É o próprio Simão que trata Mariana por «minha irmã», ao mesmo tempo que descarta qualquer outro tipo de relação («Pudesse eu ser o ______ de sua filha», diz ele para João da Cruz).

As duas apaixonadas ajudam as rivais

Patrícia vai ouvindo os projetos de Sérgio relativamente à loira desconhecida, disfarçando a contrariedade, troçando dele mas colaborando nos seus planos (cujo conhecimento servirá o seu propósito). É _____ de Sérgio acerca dos seus anseios quanto à putativa amante.

Mariana apoia sempre Simão no amor por Teresa, por exemplo, levando e trazendo correspondência. O ciúme que sente não a leva a agir contra quem ama aquele que ela ama. É a _____ de Simão acerca do seu amor por Teresa.

Apaixonadas revelam tardiamente a sua paixão

Patrícia nada diz a Sérgio até ao dia das eleições; nessa altura aparece ela no encontro marcado, em vez da ______. Sérgio percebe finalmente os sentimentos de Patrícia, aceita a sua aproximação, parece esquecer a loira e acolhe bem a nova situação.
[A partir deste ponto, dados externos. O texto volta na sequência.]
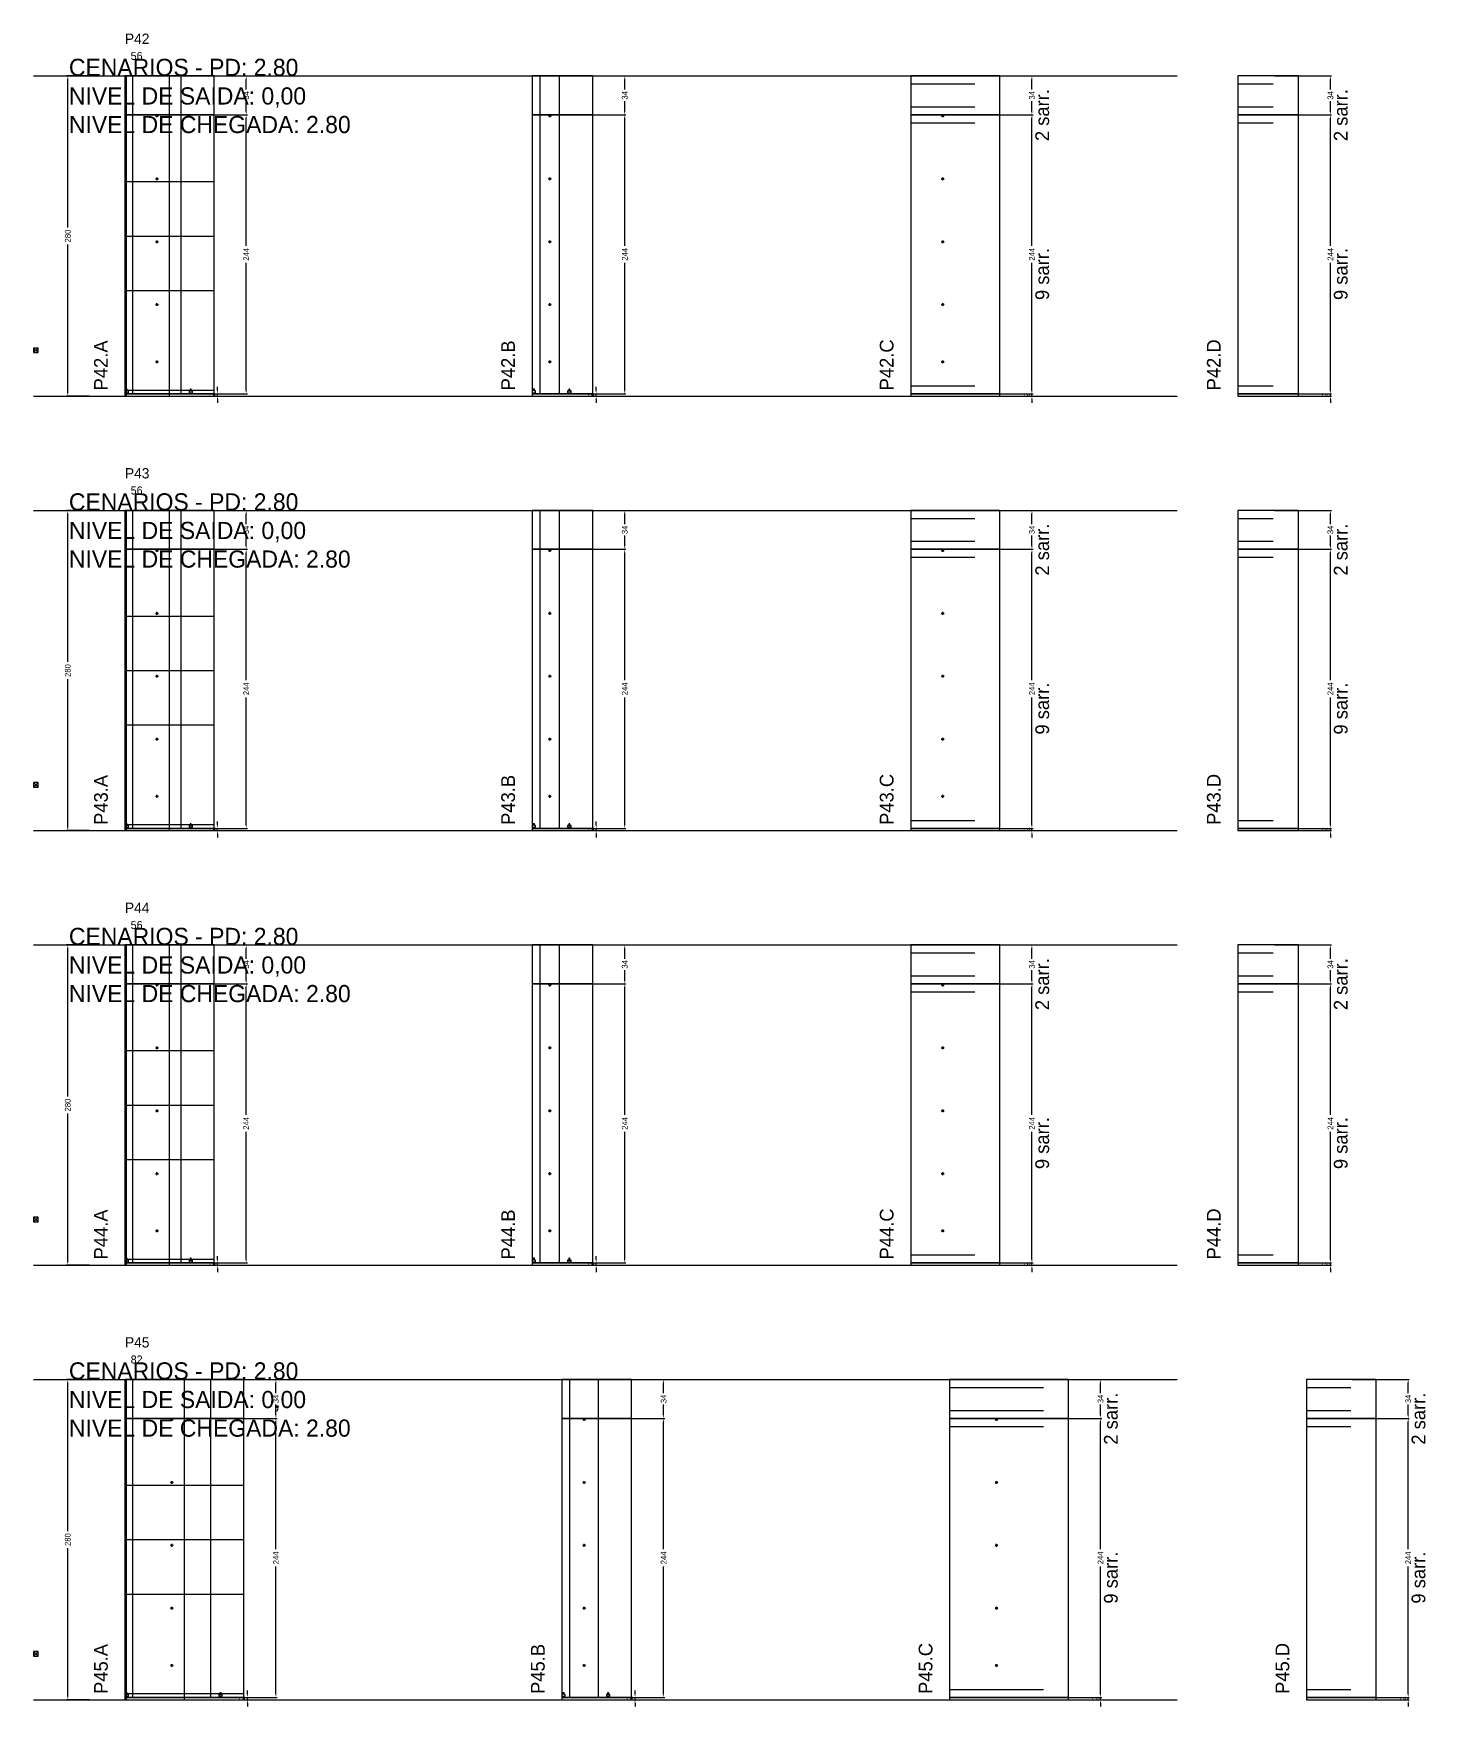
# Model space of a CAD drawing. Header units: centimetres. Extents: x -10500 to 4121, y -45226 to 295.
# Drawn here: x -7000 to -5783, y -2666 to -1203 of the extents above; entities that cross this region are included whole.
import ezdxf

# ---------------------------------------------------------------- set-up
doc = ezdxf.new("R2010")
doc.units = ezdxf.units.CM
doc.linetypes.add('DASHED', pattern=[2, -2])
for name, color, linetype in [('CHAPA', 140, 'Continuous'), ('COTA', 241, 'Continuous'), ('COTAS FURACAO', 16, 'Continuous'), ('Madeira', 30, 'Continuous'), ('MEIO_PONT', 160, 'Continuous'), ('NOMENCLATURA', 7, 'Continuous'), ('Nível', 160, 'Continuous'), ('Painéis', 200, 'Continuous'), ('Perfil Metálico', 150, 'Continuous'), ('SARR_2.2x7', 40, 'Continuous'), ('SARRAFO DE PRESSAO', 200, 'Continuous'), ('texto', 7, 'Continuous'), ('TEXTO_GERAL', 7, 'Continuous')]:
    doc.layers.add(name, color=color, linetype=linetype)
doc.dimstyles.new('PAINEL-NOVA', dxfattribs={"dimtxt": 5, "dimasz": 3, "dimexe": 1, "dimexo": 1, "dimgap": 1, "dimtad": 1, "dimcen": 2.5, "dimazin": 3, "dimtfac": 1, "dimtmove": 0, "dimatfit": 3})

# ---------------------------------------------------------------- blocks, each defined once
blk = doc.blocks.new('_CLOSEDFILLED')
at = {"color": 0, "linetype": 'BYBLOCK'}
blk.add_solid([(-1, 0.16), (0, 0), (-1, -0.16)], dxfattribs=at)
blk = doc.blocks.new('*D79')
for p, q in [((-6951, -1240), (-6971, -1240)), ((-6970, -1372.5), (-6970, -1243)), ((-6970, -1517), (-6970, -1387.5)), ((-6951, -1520), (-6971, -1520))]:
    blk.add_line(p, q)
at = {"layer": 'Defpoints'}
for p in [(-6950, -1240), (-6970, -1520), (-6950, -1520)]:
    blk.add_point(p, dxfattribs=at)
at = {"layer": 'COTA', "xscale": 3, "yscale": 3}
for p, rotation in [((-6970, -1240), 90), ((-6970, -1520), 270)]:
    blk.add_blockref('_CLOSEDFILLED', p, dxfattribs=dict(at, rotation=rotation))
at = {"layer": 'COTA', "insert": (-6970, -1380), "char_height": 5, "attachment_point": 5, "rotation": 90}
blk.add_mtext('280', dxfattribs=at)
blk = doc.blocks.new('MULDURA')
at = {"layer": 'Paineis'}
for p, q in [((0, 0), (4, 4)), ((4, 0), (0, 4))]:
    blk.add_line(p, q, dxfattribs=at)
blk.add_lwpolyline([(0, 0), (4, 0), (4, 4), (0, 4)], close=True, dxfattribs=at)
blk = doc.blocks.new('*D81')
for p, q in [((-6863, -1274), (-6813, -1274)), ((-6814, -1388.5), (-6814, -1277)), ((-6814, -1515), (-6814, -1403.5)), ((-6863, -1518), (-6813, -1518))]:
    blk.add_line(p, q)
at = {"layer": 'Defpoints'}
for p in [(-6864, -1274), (-6864, -1518), (-6814, -1518)]:
    blk.add_point(p, dxfattribs=at)
at = {"layer": 'COTA', "xscale": 3, "yscale": 3}
for p, rotation in [((-6814, -1274), 90), ((-6814, -1518), 270)]:
    blk.add_blockref('_CLOSEDFILLED', p, dxfattribs=dict(at, rotation=rotation))
at = {"layer": 'COTA', "insert": (-6814, -1396), "char_height": 5, "attachment_point": 5, "rotation": 90}
blk.add_mtext('244', dxfattribs=at)
blk = doc.blocks.new('*D82')
for p, q in [((-6863, -1240), (-6813, -1240)), ((-6814, -1252), (-6814, -1243)), ((-6814, -1271), (-6814, -1262)), ((-6863, -1274), (-6813, -1274))]:
    blk.add_line(p, q)
at = {"layer": 'Defpoints'}
for p in [(-6864, -1240), (-6864, -1274), (-6814, -1274)]:
    blk.add_point(p, dxfattribs=at)
at = {"layer": 'COTA', "xscale": 3, "yscale": 3}
for p, rotation in [((-6814, -1240), 90), ((-6814, -1274), 270)]:
    blk.add_blockref('_CLOSEDFILLED', p, dxfattribs=dict(at, rotation=rotation))
at = {"layer": 'COTA', "insert": (-6814, -1257), "char_height": 5, "attachment_point": 5, "rotation": 90}
blk.add_mtext('34', dxfattribs=at)
blk = doc.blocks.new('SLIPTEE')
at = {"layer": 'Paineis'}
blk.add_lwpolyline([(0, 0), (3, 0), (3, 1.5), (2, 1.5), (2, 3), (1, 3), (1, 1.5), (0, 1.5)], close=True, dxfattribs=at)
blk = doc.blocks.new('SLIPTDD')
at = {"layer": 'Paineis'}
blk.add_line((0, 1.5), (3, 1.5), dxfattribs=at)
blk.add_lwpolyline([(0, 0), (3, 0), (3, 1.5), (2, 1.5), (2, 3), (1, 3), (1, 1.5), (0, 1.5)], close=True, dxfattribs=at)
blk = doc.blocks.new('furacao')
at = {"layer": 'COTAS FURACAO'}
for p, q in [((-1.2, 0), (1.2, 0)), ((0, -1.2), (0, 1.2))]:
    blk.add_line(p, q, dxfattribs=at)
blk.add_circle((0, 0), 0.8, dxfattribs=at)
blk = doc.blocks.new('*D84')
for p, q in [((-6532, -1274), (-6482, -1274)), ((-6483, -1388.5), (-6483, -1277)), ((-6483, -1515), (-6483, -1403.5)), ((-6532, -1518), (-6482, -1518))]:
    blk.add_line(p, q)
at = {"layer": 'Defpoints'}
for p in [(-6533, -1274), (-6533, -1518), (-6483, -1518)]:
    blk.add_point(p, dxfattribs=at)
at = {"layer": 'COTA', "xscale": 3, "yscale": 3}
for p, rotation in [((-6483, -1274), 90), ((-6483, -1518), 270)]:
    blk.add_blockref('_CLOSEDFILLED', p, dxfattribs=dict(at, rotation=rotation))
at = {"layer": 'COTA', "insert": (-6483, -1396), "char_height": 5, "attachment_point": 5, "rotation": 90}
blk.add_mtext('244', dxfattribs=at)
blk = doc.blocks.new('*D85')
for p, q in [((-6532, -1240), (-6482, -1240)), ((-6483, -1252), (-6483, -1243)), ((-6483, -1271), (-6483, -1262)), ((-6532, -1274), (-6482, -1274))]:
    blk.add_line(p, q)
at = {"layer": 'Defpoints'}
for p in [(-6533, -1240), (-6533, -1274), (-6483, -1274)]:
    blk.add_point(p, dxfattribs=at)
at = {"layer": 'COTA', "xscale": 3, "yscale": 3}
for p, rotation in [((-6483, -1240), 90), ((-6483, -1274), 270)]:
    blk.add_blockref('_CLOSEDFILLED', p, dxfattribs=dict(at, rotation=rotation))
at = {"layer": 'COTA', "insert": (-6483, -1257), "char_height": 5, "attachment_point": 5, "rotation": 90}
blk.add_mtext('34', dxfattribs=at)
blk = doc.blocks.new('*D87')
for p, q in [((-6176, -1274), (-6126, -1274)), ((-6127, -1388.5), (-6127, -1277)), ((-6127, -1515), (-6127, -1403.5)), ((-6176, -1518), (-6126, -1518))]:
    blk.add_line(p, q)
at = {"layer": 'Defpoints'}
for p in [(-6177, -1274), (-6177, -1518), (-6127, -1518)]:
    blk.add_point(p, dxfattribs=at)
at = {"layer": 'COTA', "xscale": 3, "yscale": 3}
for p, rotation in [((-6127, -1274), 90), ((-6127, -1518), 270)]:
    blk.add_blockref('_CLOSEDFILLED', p, dxfattribs=dict(at, rotation=rotation))
at = {"layer": 'COTA', "insert": (-6127, -1396), "char_height": 5, "attachment_point": 5, "rotation": 90}
blk.add_mtext('244', dxfattribs=at)
blk = doc.blocks.new('*D88')
for p, q in [((-6176, -1240), (-6126, -1240)), ((-6127, -1252), (-6127, -1243)), ((-6127, -1271), (-6127, -1262)), ((-6176, -1274), (-6126, -1274))]:
    blk.add_line(p, q)
at = {"layer": 'Defpoints'}
for p in [(-6177, -1240), (-6177, -1274), (-6127, -1274)]:
    blk.add_point(p, dxfattribs=at)
at = {"layer": 'COTA', "xscale": 3, "yscale": 3}
for p, rotation in [((-6127, -1240), 90), ((-6127, -1274), 270)]:
    blk.add_blockref('_CLOSEDFILLED', p, dxfattribs=dict(at, rotation=rotation))
at = {"layer": 'COTA', "insert": (-6127, -1257), "char_height": 5, "attachment_point": 5, "rotation": 90}
blk.add_mtext('34', dxfattribs=at)
blk = doc.blocks.new('*D90')
for p, q in [((-5915, -1274), (-5865, -1274)), ((-5866, -1388.5), (-5866, -1277)), ((-5866, -1515), (-5866, -1403.5)), ((-5915, -1518), (-5865, -1518))]:
    blk.add_line(p, q)
at = {"layer": 'Defpoints'}
for p in [(-5916, -1274), (-5916, -1518), (-5866, -1518)]:
    blk.add_point(p, dxfattribs=at)
at = {"layer": 'COTA', "xscale": 3, "yscale": 3}
for p, rotation in [((-5866, -1274), 90), ((-5866, -1518), 270)]:
    blk.add_blockref('_CLOSEDFILLED', p, dxfattribs=dict(at, rotation=rotation))
at = {"layer": 'COTA', "insert": (-5866, -1396), "char_height": 5, "attachment_point": 5, "rotation": 90}
blk.add_mtext('244', dxfattribs=at)
blk = doc.blocks.new('*D91')
for p, q in [((-5915, -1240), (-5865, -1240)), ((-5866, -1252), (-5866, -1243)), ((-5866, -1271), (-5866, -1262)), ((-5915, -1274), (-5865, -1274))]:
    blk.add_line(p, q)
at = {"layer": 'Defpoints'}
for p in [(-5916, -1240), (-5916, -1274), (-5866, -1274)]:
    blk.add_point(p, dxfattribs=at)
at = {"layer": 'COTA', "xscale": 3, "yscale": 3}
for p, rotation in [((-5866, -1240), 90), ((-5866, -1274), 270)]:
    blk.add_blockref('_CLOSEDFILLED', p, dxfattribs=dict(at, rotation=rotation))
at = {"layer": 'COTA', "insert": (-5866, -1257), "char_height": 5, "attachment_point": 5, "rotation": 90}
blk.add_mtext('34', dxfattribs=at)
blk = doc.blocks.new('*D105')
for p, q in [((-6951, -1620), (-6971, -1620)), ((-6970, -1752.5), (-6970, -1623)), ((-6970, -1897), (-6970, -1767.5)), ((-6951, -1900), (-6971, -1900))]:
    blk.add_line(p, q)
at = {"layer": 'Defpoints'}
for p in [(-6950, -1620), (-6970, -1900), (-6950, -1900)]:
    blk.add_point(p, dxfattribs=at)
at = {"layer": 'COTA', "xscale": 3, "yscale": 3}
for p, rotation in [((-6970, -1620), 90), ((-6970, -1900), 270)]:
    blk.add_blockref('_CLOSEDFILLED', p, dxfattribs=dict(at, rotation=rotation))
at = {"layer": 'COTA', "insert": (-6970, -1760), "char_height": 5, "attachment_point": 5, "rotation": 90}
blk.add_mtext('280', dxfattribs=at)
blk = doc.blocks.new('*D107')
for p, q in [((-6863, -1654), (-6813, -1654)), ((-6814, -1768.5), (-6814, -1657)), ((-6814, -1895), (-6814, -1783.5)), ((-6863, -1898), (-6813, -1898))]:
    blk.add_line(p, q)
at = {"layer": 'Defpoints'}
for p in [(-6864, -1654), (-6864, -1898), (-6814, -1898)]:
    blk.add_point(p, dxfattribs=at)
at = {"layer": 'COTA', "xscale": 3, "yscale": 3}
for p, rotation in [((-6814, -1654), 90), ((-6814, -1898), 270)]:
    blk.add_blockref('_CLOSEDFILLED', p, dxfattribs=dict(at, rotation=rotation))
at = {"layer": 'COTA', "insert": (-6814, -1776), "char_height": 5, "attachment_point": 5, "rotation": 90}
blk.add_mtext('244', dxfattribs=at)
blk = doc.blocks.new('*D108')
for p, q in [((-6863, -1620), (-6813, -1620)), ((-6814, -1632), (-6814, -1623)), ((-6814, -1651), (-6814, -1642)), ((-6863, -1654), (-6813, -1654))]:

A partir de certa altura, Mariana assume que, mesmo sem ser a escolhida por Simão, quer estar sempre a seu lado. Simão percebe que ela o ama, quer ______ de alterar assim a vida por ele, mas nem por isso a impede de continuar a seu lado.

As apaixonadas acabam por ficar ao lado do seu herói

No dia das eleições e do encontro crucial, Patrícia cumpre o desejo de ______ Sérgio. O elemento masculino do par parece acomodar-se à situação sem mostrar demasiada surpresa.

No dia do lançamento do cadáver ao mar, Mariana cumpre o desejo de não _______ Simão. O elemento masculino do par parece acomodar-se à situação sem mostrar demasiada surpresa.

E, afinal, qual é o verdadeiro par romântico (no sentido de par de «heróis românticos») de 1986? Quem luta contra o que esperam deles, enfrentando o senso comum? Quem tem preocupações com a liberdade, a sua e a dos outros? Quem quebra barreiras sociais (ou, neste caso, de papel profissional)?

É o par{escolhe, circundando:} Marta-Tiago, Patrícia-Sérgio, Mariana-Gonçalo, Eduardo-Alice.